Barbárie no Rio
[Programa conduzido por Sylvia Debossan Moretzsohn]
Todos nós vimos as cenas chocantes da mulher pendurada do lado de fora de um
camburão da PM, sendo arrastada pela rua.
Cláudia Silva Ferreira tinha 38 anos e quatro filhos, mas cuidava também de quatro
sobrinhos. Era servente em um hospital, morava numa favela no subúrbio carioca de
Madureira. Na manhã de domingo, saiu de casa com seis reais para comprar pão. Levou
dois tiros, quando policiais iniciaram uma operação no morro. Talvez já estivesse morta
quando foi jogada como um saco de batatas na caçamba do camburão. Foi enterrada
nesta terça-feira, num clima de forte emoção e revolta.
Moradores dizem que a polícia chegou ao morro atirando. O viúvo de Cláudia diz que
os policiais atingiram a mulher de propósito: teria sido uma execução. A polícia diz que
foi recebida a tiros e revidou. “Reagiu à injusta agressão”, como reza o manual.

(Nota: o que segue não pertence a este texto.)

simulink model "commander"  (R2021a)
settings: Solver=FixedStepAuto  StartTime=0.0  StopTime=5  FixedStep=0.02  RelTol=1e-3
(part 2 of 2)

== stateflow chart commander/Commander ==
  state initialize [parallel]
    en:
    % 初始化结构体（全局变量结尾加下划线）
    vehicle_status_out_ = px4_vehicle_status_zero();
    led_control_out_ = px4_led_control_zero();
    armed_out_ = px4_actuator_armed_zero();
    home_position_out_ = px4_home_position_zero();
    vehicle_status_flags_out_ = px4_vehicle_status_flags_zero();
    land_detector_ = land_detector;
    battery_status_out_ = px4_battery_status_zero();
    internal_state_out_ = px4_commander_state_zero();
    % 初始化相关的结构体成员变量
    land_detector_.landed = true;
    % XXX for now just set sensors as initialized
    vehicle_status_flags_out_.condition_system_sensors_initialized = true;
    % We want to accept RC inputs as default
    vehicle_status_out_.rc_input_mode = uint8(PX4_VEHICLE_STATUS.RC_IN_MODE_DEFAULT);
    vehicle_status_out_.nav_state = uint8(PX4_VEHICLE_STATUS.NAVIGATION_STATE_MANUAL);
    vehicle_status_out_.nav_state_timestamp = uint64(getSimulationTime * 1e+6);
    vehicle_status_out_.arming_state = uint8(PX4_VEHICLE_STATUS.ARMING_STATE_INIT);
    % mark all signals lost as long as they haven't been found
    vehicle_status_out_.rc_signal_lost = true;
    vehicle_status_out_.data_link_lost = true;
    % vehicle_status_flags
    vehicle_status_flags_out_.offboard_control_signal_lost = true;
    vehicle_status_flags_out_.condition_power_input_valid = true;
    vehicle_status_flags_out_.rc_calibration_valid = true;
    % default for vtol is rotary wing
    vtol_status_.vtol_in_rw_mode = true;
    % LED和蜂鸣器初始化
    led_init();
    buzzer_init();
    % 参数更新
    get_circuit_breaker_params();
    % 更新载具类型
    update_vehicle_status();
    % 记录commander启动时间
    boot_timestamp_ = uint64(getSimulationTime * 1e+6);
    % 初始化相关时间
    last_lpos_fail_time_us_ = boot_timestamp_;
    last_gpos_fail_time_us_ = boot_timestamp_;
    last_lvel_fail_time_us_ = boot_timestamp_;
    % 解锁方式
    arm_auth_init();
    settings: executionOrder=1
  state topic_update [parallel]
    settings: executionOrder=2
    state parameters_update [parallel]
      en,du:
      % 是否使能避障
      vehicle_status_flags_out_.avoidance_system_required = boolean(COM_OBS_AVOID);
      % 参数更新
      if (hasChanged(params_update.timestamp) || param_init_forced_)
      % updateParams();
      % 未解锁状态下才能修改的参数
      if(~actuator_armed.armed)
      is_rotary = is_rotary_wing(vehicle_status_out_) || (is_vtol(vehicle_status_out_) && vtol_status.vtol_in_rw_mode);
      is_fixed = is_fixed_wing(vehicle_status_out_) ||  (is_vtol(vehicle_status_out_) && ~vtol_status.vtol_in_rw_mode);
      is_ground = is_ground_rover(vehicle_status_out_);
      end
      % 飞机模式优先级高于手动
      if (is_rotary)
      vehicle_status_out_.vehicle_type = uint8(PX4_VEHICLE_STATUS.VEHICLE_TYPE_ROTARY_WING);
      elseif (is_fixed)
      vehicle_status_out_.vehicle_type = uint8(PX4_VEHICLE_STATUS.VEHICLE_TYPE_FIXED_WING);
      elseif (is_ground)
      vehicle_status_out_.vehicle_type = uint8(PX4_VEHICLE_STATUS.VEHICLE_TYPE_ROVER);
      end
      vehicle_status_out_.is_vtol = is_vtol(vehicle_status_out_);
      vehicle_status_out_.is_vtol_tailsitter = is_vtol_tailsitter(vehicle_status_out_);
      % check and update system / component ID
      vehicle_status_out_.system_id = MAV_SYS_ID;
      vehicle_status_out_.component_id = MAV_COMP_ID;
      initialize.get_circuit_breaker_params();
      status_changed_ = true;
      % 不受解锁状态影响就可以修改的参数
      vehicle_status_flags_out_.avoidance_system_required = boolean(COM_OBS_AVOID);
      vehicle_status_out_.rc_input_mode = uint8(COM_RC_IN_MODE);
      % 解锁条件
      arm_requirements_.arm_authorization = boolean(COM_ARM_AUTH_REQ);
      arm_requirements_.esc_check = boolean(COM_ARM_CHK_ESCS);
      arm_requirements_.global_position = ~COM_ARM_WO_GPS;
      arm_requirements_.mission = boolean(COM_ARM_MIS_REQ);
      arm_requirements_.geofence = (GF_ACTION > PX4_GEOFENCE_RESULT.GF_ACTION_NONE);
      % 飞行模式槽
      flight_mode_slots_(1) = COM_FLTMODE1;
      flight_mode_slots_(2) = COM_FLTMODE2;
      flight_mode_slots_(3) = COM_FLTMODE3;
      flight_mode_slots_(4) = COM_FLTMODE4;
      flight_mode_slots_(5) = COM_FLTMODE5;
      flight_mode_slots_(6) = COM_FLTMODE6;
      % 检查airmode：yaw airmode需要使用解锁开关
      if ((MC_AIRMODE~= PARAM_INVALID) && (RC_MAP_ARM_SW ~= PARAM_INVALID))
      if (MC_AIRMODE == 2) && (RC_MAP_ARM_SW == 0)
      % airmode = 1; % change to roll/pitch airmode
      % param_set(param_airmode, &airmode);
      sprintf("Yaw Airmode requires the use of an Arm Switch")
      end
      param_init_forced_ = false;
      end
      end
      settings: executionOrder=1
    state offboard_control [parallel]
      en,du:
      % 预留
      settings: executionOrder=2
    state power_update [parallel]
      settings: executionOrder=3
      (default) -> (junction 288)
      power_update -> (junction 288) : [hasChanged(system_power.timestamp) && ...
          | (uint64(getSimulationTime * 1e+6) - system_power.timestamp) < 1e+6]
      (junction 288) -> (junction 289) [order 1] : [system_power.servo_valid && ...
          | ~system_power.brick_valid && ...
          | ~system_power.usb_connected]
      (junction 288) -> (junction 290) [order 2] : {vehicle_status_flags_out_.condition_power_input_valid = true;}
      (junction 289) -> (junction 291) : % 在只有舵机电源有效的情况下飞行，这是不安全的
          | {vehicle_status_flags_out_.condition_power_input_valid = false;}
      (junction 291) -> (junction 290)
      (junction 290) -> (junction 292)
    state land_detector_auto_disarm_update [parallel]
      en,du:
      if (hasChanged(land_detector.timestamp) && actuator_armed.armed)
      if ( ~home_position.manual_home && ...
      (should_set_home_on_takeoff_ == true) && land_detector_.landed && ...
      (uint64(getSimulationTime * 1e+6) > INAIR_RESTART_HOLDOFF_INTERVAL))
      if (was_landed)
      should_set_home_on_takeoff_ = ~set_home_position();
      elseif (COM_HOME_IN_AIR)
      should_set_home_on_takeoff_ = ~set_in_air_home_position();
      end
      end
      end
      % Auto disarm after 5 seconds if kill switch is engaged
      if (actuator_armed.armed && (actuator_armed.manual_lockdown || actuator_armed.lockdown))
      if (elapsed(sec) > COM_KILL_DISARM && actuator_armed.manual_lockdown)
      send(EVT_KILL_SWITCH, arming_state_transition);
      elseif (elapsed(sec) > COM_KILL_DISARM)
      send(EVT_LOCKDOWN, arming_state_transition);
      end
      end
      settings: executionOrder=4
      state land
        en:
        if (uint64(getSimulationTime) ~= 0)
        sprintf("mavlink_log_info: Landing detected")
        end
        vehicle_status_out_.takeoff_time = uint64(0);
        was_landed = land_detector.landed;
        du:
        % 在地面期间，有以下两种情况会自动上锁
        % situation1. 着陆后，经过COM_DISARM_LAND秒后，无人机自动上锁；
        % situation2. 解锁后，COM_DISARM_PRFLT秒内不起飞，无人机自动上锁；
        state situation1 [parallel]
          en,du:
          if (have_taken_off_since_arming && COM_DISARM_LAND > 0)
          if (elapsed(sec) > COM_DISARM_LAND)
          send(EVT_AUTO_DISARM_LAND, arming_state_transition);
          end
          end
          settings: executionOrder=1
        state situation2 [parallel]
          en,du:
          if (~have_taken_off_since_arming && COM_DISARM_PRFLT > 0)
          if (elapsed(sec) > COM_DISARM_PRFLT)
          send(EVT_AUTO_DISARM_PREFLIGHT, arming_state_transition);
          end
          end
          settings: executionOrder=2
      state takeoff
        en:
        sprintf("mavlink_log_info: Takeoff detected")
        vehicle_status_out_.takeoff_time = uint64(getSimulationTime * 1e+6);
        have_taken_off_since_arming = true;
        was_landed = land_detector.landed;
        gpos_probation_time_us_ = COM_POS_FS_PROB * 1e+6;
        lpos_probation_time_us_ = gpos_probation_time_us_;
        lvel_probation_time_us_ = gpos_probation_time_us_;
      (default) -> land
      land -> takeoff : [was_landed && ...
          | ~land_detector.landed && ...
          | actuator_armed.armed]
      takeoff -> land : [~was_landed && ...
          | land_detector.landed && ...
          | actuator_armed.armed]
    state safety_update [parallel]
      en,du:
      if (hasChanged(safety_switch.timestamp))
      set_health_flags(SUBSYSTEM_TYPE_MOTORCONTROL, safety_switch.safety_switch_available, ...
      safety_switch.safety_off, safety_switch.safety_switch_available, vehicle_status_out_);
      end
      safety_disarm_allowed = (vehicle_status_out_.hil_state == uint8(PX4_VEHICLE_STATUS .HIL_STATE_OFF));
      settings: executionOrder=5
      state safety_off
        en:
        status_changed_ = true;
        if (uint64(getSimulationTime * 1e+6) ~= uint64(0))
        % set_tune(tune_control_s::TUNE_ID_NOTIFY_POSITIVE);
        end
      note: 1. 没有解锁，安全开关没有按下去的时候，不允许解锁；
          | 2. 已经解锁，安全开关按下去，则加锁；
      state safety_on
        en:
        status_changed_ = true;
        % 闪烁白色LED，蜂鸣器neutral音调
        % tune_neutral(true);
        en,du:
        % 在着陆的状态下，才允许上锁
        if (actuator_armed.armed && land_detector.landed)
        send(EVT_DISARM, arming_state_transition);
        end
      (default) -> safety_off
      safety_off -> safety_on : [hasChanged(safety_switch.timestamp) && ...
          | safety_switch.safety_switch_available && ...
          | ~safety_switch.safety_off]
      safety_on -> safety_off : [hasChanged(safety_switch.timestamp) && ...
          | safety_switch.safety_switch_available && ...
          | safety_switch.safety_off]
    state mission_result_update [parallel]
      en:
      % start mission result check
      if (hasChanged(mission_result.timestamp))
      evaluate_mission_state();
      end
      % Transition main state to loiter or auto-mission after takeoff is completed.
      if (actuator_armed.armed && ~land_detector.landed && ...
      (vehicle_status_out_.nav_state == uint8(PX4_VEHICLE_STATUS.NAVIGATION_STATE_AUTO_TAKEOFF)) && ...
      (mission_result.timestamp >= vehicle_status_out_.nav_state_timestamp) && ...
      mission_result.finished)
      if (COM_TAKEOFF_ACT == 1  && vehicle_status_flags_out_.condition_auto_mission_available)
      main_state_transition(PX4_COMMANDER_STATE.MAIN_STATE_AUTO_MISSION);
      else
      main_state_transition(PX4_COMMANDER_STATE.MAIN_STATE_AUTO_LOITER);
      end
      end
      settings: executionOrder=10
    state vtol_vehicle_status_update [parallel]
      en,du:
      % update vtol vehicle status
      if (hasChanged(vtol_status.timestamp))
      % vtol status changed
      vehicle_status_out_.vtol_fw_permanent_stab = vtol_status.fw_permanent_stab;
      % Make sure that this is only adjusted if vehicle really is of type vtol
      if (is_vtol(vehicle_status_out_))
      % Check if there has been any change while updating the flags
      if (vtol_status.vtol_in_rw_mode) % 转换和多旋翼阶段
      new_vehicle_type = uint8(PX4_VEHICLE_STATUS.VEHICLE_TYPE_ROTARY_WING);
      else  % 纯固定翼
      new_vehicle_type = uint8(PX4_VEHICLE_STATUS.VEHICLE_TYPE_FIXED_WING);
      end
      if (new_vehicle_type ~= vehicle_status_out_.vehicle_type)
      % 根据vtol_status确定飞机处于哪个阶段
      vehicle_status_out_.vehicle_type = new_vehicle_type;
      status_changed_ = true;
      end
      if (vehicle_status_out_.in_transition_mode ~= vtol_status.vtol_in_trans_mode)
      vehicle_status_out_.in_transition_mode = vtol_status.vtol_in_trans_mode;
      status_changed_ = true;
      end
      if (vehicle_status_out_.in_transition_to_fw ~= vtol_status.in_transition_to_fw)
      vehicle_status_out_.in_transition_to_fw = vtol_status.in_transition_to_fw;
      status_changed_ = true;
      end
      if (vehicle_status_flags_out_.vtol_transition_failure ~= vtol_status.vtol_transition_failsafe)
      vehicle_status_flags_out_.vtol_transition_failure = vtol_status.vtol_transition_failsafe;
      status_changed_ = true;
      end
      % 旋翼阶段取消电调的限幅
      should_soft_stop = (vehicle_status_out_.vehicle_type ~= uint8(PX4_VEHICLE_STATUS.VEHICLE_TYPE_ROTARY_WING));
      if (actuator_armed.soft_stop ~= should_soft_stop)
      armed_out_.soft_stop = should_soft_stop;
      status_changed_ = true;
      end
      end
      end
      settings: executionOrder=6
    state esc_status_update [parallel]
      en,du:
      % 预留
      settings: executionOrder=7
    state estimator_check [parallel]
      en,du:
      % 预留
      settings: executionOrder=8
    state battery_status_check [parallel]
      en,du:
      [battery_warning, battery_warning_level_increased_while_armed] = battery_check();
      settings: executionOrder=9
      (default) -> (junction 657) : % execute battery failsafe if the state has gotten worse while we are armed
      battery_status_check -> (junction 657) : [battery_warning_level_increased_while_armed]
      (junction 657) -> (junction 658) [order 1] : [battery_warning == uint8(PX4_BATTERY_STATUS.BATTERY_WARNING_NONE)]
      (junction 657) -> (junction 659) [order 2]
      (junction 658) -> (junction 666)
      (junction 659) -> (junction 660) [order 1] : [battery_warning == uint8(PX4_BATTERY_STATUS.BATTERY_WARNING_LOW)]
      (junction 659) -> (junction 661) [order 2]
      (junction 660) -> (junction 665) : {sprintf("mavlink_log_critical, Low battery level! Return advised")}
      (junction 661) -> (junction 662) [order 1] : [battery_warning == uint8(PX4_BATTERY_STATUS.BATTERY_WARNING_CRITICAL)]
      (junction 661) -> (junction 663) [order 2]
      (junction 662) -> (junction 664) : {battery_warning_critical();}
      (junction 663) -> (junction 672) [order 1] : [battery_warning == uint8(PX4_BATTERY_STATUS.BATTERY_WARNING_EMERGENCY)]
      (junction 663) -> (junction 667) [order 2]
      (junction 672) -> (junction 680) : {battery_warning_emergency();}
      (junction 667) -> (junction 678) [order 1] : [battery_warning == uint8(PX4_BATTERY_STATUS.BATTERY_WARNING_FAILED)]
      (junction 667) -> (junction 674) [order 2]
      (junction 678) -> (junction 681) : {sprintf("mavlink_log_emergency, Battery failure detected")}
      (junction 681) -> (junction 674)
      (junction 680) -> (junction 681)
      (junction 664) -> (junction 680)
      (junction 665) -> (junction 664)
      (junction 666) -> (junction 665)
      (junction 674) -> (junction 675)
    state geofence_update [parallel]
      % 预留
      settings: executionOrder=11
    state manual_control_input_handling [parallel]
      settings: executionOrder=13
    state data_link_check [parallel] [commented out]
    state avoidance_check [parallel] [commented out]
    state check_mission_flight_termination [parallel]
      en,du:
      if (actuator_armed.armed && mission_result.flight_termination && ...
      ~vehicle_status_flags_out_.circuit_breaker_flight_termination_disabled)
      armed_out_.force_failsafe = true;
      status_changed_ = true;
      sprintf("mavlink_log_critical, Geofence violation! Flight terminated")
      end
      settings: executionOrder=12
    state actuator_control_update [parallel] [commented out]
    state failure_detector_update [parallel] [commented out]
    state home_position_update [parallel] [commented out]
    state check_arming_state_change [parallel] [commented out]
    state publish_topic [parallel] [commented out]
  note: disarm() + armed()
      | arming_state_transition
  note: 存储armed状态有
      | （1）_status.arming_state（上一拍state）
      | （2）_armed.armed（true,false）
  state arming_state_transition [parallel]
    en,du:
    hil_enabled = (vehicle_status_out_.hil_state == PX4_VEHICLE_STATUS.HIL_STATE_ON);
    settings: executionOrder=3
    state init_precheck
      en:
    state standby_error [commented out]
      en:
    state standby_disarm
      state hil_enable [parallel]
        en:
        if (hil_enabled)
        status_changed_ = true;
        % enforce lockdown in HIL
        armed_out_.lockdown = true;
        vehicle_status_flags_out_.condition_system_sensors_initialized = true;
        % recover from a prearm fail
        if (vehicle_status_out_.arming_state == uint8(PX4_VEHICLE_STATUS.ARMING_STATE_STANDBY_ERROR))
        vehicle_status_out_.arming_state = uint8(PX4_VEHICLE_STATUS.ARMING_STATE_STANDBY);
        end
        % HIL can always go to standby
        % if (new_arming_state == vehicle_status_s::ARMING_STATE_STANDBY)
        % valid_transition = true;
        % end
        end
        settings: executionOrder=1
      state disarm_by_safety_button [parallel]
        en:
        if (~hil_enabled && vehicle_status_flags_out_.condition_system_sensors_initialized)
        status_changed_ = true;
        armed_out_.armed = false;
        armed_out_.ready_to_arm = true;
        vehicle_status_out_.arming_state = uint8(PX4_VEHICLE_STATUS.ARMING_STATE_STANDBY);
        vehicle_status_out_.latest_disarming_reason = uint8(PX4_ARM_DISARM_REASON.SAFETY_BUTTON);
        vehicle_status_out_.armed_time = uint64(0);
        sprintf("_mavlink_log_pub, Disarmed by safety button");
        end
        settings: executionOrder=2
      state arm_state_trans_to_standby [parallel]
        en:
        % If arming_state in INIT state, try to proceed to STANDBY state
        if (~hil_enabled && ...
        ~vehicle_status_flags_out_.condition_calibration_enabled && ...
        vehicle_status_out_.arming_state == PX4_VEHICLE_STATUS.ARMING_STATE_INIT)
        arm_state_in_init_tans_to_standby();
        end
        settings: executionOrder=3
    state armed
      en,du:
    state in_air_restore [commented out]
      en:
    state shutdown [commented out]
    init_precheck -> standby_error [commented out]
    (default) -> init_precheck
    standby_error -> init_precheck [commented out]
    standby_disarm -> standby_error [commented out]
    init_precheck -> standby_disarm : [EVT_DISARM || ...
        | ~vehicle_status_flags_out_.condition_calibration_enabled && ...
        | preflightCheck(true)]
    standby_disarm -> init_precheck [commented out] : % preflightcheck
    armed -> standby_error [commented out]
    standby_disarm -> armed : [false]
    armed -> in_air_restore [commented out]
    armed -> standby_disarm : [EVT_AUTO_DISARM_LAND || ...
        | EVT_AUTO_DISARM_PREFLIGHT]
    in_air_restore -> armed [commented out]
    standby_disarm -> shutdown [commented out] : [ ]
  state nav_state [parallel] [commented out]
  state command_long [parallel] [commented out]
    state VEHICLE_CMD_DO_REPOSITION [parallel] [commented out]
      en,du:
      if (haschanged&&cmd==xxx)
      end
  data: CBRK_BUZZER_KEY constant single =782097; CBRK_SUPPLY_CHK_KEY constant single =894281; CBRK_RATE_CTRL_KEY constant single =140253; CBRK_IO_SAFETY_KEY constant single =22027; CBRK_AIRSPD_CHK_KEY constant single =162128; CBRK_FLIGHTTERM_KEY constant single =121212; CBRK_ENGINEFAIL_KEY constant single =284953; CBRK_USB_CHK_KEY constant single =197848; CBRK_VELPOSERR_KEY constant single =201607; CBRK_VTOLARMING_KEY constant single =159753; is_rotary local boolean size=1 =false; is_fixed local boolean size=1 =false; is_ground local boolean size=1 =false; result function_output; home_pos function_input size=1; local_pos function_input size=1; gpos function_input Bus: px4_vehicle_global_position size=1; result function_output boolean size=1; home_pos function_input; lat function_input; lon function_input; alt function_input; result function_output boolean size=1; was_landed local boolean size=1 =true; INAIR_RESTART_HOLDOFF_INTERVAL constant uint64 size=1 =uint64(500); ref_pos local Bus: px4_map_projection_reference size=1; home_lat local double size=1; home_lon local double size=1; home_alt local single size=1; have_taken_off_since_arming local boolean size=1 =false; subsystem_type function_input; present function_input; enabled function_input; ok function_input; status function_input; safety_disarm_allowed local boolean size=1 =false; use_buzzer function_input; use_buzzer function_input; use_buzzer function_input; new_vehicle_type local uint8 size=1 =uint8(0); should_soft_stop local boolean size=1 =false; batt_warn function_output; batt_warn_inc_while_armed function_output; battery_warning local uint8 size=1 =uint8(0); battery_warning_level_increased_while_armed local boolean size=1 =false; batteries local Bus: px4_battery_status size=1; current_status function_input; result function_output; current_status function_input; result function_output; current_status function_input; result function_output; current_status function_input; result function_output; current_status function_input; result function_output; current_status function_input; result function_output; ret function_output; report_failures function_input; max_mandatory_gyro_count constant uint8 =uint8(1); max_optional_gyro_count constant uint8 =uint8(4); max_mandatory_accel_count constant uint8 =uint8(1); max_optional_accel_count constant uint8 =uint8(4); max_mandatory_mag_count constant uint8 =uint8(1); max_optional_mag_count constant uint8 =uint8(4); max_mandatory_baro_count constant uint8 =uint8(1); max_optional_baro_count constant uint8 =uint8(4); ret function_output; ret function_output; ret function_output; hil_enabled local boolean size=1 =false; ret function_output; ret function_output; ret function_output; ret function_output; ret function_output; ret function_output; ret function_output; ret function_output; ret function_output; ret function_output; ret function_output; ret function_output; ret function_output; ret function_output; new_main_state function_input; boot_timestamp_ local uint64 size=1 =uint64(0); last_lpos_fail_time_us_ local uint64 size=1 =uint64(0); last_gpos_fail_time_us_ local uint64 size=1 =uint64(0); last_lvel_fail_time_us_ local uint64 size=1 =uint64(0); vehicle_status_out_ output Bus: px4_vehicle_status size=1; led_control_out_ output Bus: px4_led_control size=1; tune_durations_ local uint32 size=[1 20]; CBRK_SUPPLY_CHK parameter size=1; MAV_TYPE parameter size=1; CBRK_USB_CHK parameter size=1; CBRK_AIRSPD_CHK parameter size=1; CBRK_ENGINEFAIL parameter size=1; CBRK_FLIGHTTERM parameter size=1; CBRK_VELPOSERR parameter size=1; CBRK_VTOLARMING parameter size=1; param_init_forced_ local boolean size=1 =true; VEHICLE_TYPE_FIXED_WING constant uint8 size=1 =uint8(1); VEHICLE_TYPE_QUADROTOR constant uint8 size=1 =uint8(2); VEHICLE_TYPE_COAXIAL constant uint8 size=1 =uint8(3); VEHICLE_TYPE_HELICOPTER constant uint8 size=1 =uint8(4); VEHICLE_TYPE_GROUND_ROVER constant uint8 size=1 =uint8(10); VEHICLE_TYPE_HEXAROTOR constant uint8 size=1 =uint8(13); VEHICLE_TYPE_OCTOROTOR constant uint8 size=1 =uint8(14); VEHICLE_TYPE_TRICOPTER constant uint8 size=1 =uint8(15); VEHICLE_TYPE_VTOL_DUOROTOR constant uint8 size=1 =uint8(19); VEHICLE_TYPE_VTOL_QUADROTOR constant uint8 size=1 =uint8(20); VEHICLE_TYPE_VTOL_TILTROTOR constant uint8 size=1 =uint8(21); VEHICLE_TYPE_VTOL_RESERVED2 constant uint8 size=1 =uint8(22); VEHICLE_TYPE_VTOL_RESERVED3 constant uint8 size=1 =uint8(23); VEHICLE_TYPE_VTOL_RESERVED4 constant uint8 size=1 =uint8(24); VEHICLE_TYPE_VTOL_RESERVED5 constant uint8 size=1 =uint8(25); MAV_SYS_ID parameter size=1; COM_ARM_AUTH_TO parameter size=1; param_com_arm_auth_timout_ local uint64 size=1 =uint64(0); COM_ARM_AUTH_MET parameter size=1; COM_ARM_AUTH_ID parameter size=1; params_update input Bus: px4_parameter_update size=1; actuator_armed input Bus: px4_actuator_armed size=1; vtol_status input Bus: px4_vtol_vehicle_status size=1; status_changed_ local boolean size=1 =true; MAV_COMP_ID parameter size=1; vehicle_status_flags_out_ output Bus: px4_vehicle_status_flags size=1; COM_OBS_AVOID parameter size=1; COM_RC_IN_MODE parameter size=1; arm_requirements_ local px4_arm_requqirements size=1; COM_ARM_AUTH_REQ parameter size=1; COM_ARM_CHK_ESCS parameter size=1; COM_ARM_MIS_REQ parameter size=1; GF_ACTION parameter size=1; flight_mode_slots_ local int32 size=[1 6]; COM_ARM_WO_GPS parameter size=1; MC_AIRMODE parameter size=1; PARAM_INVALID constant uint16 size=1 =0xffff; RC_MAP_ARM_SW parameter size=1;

É claro que importa saber o que aconteceu exatamente, e talvez esse caso seja
devidamente apurado porque ganhou repercussão internacional. Mas a pergunta
essencial é outra: por que a polícia continua a fazer “operações” em favelas, sabendo
que isso põe em risco a vida dos moradores?
Talvez porque a vida desses moradores não valha nada, a ponto de poderem ser jogados
como um saco de batatas na caçamba de um camburão.
Operações policiais em favelas costumam ser noticiadas de maneira rotineira.
Costumam produzir mortes, mas os mortos não comovem: são sempre traficantes ou
suspeitos. É o que a polícia afirma, e é essa a história que fica valendo.
Desta vez a história foi diferente porque alguém filmou a cena chocante da mulher
sendo arrastada pela rua. A câmera de segurança de uma loja também registrou a
imagem. Era um escândalo evidente, incontestável, incontornável.
A dimensão da tragédia
O jornal O Globo desta quarta-feira expõe na capa uma reprodução ampliada da carteira
de identidade de Cláudia e abre espaço para a repercussão do caso. Mas talvez seja mais
significativo acompanhar as edições do jornal Extra, que é da mesma empresa que edita
O Globo mas se dirige a um público popular.
Foi o Extra que divulgou, em seu site, o vídeo que mostra a mulher sendo arrastada
pelo carro da polícia. É muito interessante verificar como esse jornal se comportou
nos últimos dias. Foram dias conturbados, por causa das sucessivas mortes de policiais
lotados nas UPPs do Complexo do Alemão. No sábado, o Extra põe na capa as fotos
dos policiais mortos, ao lado da imagem enorme de um PM de costas, e pergunta:
“quantos mais vão ter que morrer?” No domingo, a manchete levanta a suspeita de
que traficantes estejam pagando moradores para protestar contra as UPPs: é sempre
assim, moradores de favela, quando protestam, são apenas massa de manobra dos
criminosos. Mas então, na manhã de domingo, aquela mulher é arrastada pela rua e o
jornal imediatamente se lembra do caso João Hélio.
João Hélio foi arrastado por bandidos que levaram o carro da mãe dele, num subúrbio
do Rio, em 2007. Ele estava no banco traseiro e ficou preso ao cinto de segurança, pelo
lado de fora do carro. Todos se recordam dessa história, que causou enorme comoção
pública.
João Hélio era um menino branco, lourinho, de classe média. Cláudia era preta. Muito
preta, como seu marido, seus filhos e sobrinhos. É cedo para dizer se sua história terá a
mesma repercussão.
Mas uma comparação que circulou nas redes sociais talvez dê uma dimensão ainda
maior da tragédia que vivemos. A foto de Cláudia foi publicada ao lado da de Leidson
Alves da Silva, o mais recente policial morto em ataque às UPPs. Leidson também era
preto e pobre, chegou a morar na rua quando era adolescente. Quem vê as duas imagens
assim, lado a lado, a foto de Cláudia na carteira de trabalho e a de Leidson, com cara
de menino, abraçado à mulher tão jovem, talvez perceba melhor quem são as maiores
vítimas dessa violência. É o caso de refazer a pergunta: quantos mais vão ter de morrer?